The required output is the exact sequence of lines from the line holding "<attributes>" to the end of the records, inclusive.

(Dataset items)
§ §

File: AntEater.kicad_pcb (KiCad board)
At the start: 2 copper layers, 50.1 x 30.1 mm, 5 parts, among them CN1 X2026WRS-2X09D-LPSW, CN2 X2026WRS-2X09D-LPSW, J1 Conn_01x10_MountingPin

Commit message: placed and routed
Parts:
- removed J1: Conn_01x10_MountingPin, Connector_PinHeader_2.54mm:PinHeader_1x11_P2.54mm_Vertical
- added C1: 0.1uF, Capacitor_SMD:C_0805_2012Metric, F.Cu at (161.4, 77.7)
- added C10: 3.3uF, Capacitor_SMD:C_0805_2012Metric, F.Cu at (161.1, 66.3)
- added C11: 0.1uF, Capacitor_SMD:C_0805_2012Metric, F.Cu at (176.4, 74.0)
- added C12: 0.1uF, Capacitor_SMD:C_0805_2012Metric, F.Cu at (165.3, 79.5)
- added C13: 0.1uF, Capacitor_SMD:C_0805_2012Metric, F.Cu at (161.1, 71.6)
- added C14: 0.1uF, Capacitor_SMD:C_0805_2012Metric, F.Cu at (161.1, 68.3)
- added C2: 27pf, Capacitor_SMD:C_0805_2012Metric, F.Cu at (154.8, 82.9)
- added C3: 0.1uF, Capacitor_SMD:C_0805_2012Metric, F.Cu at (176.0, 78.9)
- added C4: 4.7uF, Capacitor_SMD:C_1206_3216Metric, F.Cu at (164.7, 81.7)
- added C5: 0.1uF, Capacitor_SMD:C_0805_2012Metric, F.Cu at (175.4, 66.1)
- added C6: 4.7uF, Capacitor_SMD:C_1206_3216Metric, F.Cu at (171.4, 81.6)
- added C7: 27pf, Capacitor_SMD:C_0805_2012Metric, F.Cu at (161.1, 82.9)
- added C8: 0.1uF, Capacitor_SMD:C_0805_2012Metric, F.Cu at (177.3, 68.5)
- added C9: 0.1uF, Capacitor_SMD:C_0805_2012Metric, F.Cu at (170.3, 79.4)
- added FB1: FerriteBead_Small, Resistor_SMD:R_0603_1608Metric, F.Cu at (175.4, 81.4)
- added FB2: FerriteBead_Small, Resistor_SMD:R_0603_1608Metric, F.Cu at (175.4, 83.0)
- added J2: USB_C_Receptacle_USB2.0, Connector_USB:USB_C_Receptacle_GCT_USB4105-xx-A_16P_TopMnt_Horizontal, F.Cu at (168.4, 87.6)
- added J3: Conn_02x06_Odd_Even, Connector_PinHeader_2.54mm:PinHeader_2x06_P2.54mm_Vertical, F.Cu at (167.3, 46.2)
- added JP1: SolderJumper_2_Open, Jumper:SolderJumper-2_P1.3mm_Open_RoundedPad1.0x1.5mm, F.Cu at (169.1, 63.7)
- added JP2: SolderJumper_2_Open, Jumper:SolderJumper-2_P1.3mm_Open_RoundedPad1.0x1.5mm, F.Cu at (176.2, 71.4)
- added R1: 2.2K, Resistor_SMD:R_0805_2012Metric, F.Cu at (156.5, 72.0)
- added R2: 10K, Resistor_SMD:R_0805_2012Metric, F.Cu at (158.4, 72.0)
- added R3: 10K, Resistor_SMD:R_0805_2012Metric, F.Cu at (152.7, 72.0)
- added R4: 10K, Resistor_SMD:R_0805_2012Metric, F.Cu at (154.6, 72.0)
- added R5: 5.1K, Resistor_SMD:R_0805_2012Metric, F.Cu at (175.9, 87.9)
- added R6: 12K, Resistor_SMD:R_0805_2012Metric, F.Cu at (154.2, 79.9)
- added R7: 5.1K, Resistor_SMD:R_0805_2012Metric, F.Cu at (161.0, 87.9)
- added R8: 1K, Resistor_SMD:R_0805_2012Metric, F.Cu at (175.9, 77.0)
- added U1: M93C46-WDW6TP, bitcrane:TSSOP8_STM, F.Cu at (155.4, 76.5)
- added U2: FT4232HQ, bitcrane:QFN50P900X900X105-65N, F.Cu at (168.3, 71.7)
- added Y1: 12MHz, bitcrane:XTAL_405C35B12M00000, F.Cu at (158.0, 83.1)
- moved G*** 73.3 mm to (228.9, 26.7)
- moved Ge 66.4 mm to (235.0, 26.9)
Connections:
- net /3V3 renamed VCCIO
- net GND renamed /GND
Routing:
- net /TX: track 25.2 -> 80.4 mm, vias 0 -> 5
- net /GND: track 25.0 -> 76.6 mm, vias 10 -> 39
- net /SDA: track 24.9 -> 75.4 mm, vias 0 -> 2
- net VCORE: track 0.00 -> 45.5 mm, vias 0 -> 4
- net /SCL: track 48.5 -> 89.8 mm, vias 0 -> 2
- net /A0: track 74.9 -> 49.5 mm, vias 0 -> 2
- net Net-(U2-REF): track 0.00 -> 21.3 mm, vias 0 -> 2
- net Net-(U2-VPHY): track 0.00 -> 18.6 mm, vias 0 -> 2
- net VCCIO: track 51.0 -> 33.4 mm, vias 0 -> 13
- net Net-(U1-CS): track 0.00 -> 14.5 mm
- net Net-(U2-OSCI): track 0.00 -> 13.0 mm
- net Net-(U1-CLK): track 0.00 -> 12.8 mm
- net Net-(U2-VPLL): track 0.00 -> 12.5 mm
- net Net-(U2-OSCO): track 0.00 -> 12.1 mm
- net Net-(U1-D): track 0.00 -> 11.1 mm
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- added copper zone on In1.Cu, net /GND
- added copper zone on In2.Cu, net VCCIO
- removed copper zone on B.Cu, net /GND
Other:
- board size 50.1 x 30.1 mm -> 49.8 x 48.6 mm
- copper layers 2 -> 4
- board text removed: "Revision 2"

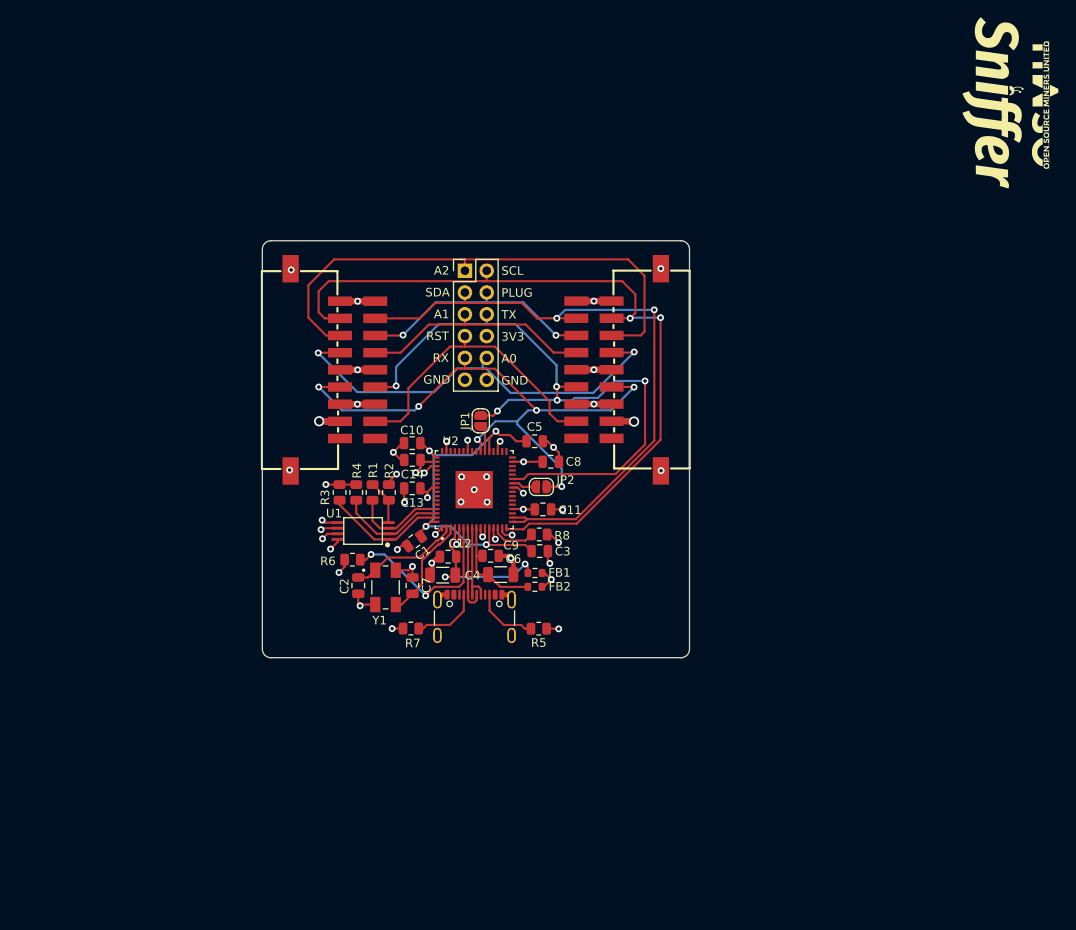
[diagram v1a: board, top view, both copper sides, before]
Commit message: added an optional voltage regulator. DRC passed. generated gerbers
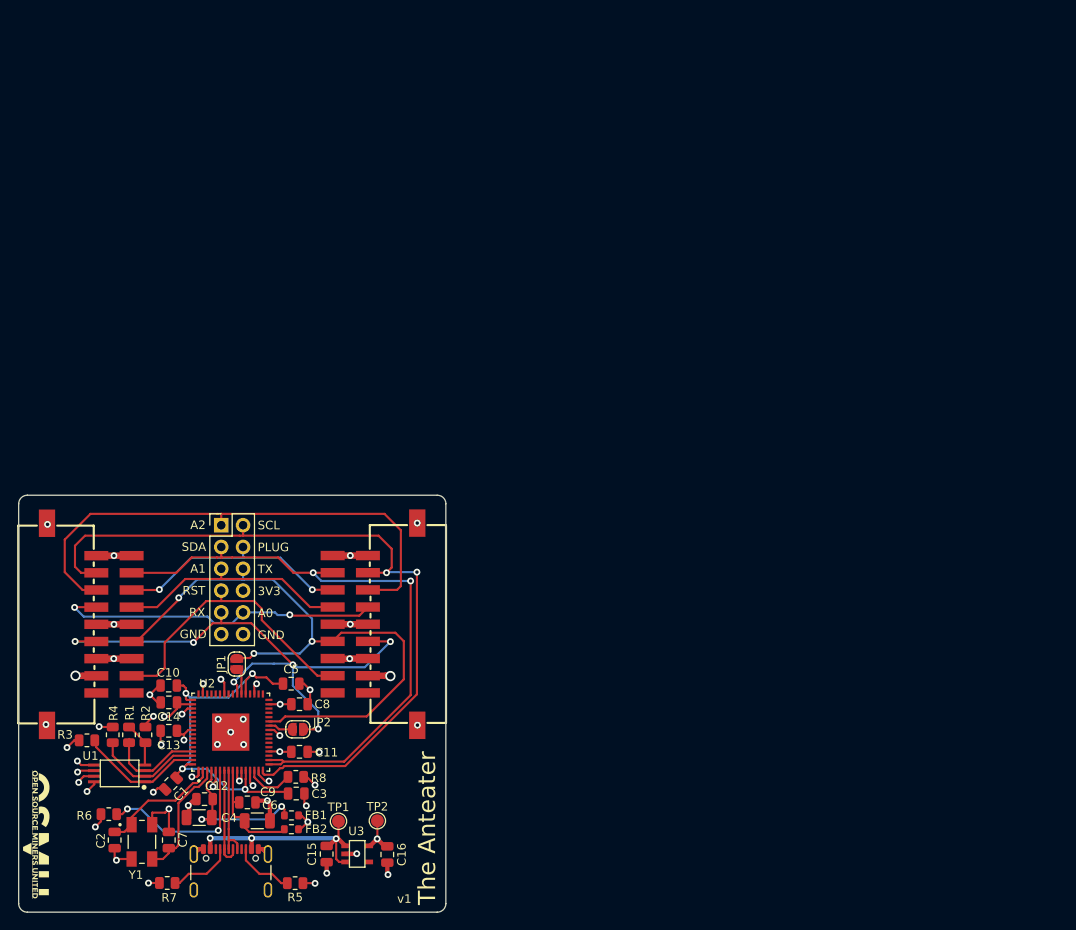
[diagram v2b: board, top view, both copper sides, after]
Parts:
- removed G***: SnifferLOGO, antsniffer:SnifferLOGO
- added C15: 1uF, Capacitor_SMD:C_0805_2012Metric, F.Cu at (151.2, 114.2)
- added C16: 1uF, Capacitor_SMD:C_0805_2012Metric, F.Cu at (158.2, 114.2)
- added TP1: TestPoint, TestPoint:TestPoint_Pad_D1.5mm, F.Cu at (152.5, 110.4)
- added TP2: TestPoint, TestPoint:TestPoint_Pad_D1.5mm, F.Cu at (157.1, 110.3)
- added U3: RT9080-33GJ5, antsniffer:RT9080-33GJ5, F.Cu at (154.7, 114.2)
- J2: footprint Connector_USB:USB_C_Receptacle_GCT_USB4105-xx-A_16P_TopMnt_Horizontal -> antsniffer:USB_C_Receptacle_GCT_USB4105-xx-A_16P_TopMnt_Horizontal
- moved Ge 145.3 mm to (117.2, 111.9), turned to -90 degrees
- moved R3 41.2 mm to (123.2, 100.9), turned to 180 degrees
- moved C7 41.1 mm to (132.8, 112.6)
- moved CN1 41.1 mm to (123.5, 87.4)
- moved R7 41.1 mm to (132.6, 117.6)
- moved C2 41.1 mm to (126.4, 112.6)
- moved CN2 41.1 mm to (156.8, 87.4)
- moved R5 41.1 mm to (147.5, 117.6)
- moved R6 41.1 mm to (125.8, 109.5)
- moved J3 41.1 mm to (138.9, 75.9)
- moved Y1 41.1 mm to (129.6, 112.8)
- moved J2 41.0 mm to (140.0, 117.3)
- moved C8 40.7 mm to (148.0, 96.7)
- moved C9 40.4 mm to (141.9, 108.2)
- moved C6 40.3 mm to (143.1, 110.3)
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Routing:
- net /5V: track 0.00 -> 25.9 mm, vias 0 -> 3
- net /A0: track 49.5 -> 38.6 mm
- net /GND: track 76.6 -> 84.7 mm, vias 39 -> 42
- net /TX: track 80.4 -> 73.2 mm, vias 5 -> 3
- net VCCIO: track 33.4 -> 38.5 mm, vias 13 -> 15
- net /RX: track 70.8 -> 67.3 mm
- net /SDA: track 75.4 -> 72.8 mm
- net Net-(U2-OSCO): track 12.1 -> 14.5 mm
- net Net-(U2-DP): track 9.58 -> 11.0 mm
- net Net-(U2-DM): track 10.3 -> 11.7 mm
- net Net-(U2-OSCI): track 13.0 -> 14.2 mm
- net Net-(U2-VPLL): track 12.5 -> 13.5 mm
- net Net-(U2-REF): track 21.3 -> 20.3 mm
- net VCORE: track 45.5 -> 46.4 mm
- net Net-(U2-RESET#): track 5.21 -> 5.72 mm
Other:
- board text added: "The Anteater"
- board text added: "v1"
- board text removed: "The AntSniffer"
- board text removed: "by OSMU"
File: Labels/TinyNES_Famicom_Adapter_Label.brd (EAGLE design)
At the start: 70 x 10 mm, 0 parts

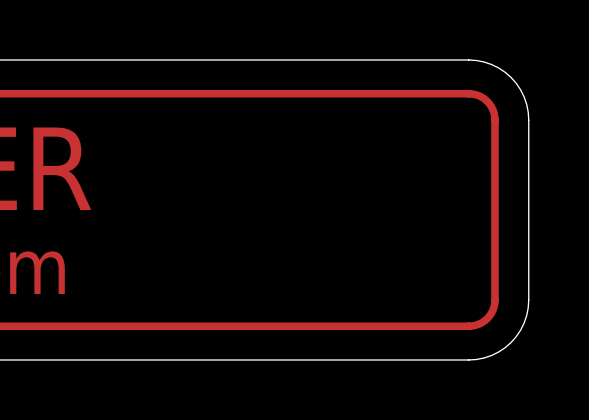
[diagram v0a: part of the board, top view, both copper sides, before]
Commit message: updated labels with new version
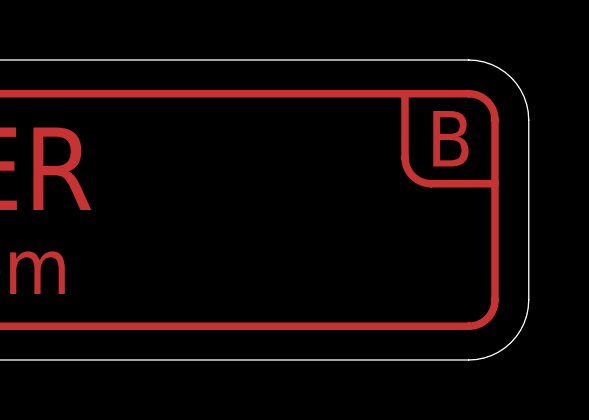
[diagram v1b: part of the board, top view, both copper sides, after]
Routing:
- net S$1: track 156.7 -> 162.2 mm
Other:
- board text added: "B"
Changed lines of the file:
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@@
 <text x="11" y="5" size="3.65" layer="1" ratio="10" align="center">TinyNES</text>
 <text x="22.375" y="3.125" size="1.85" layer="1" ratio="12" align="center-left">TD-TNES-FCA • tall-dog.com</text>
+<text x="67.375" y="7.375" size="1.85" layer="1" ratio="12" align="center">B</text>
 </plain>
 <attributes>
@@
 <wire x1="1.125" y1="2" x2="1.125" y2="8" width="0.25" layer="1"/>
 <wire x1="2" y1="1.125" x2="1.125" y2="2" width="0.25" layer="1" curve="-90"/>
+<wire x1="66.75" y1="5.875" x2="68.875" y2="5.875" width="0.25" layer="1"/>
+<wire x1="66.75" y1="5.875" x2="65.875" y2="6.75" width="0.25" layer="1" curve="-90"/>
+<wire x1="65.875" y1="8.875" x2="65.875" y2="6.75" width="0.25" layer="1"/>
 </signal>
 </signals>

§ §

EXERCISE OUTPUT
 <attributes>
@@
 <wire x1="1.125" y1="2" x2="1.125" y2="8" width="0.25" layer="1"/>
 <wire x1="2" y1="1.125" x2="1.125" y2="2" width="0.25" layer="1" curve="-90"/>
+<wire x1="66.75" y1="5.875" x2="68.875" y2="5.875" width="0.25" layer="1"/>
+<wire x1="66.75" y1="5.875" x2="65.875" y2="6.75" width="0.25" layer="1" curve="-90"/>
+<wire x1="65.875" y1="8.875" x2="65.875" y2="6.75" width="0.25" layer="1"/>
 </signal>
 </signals>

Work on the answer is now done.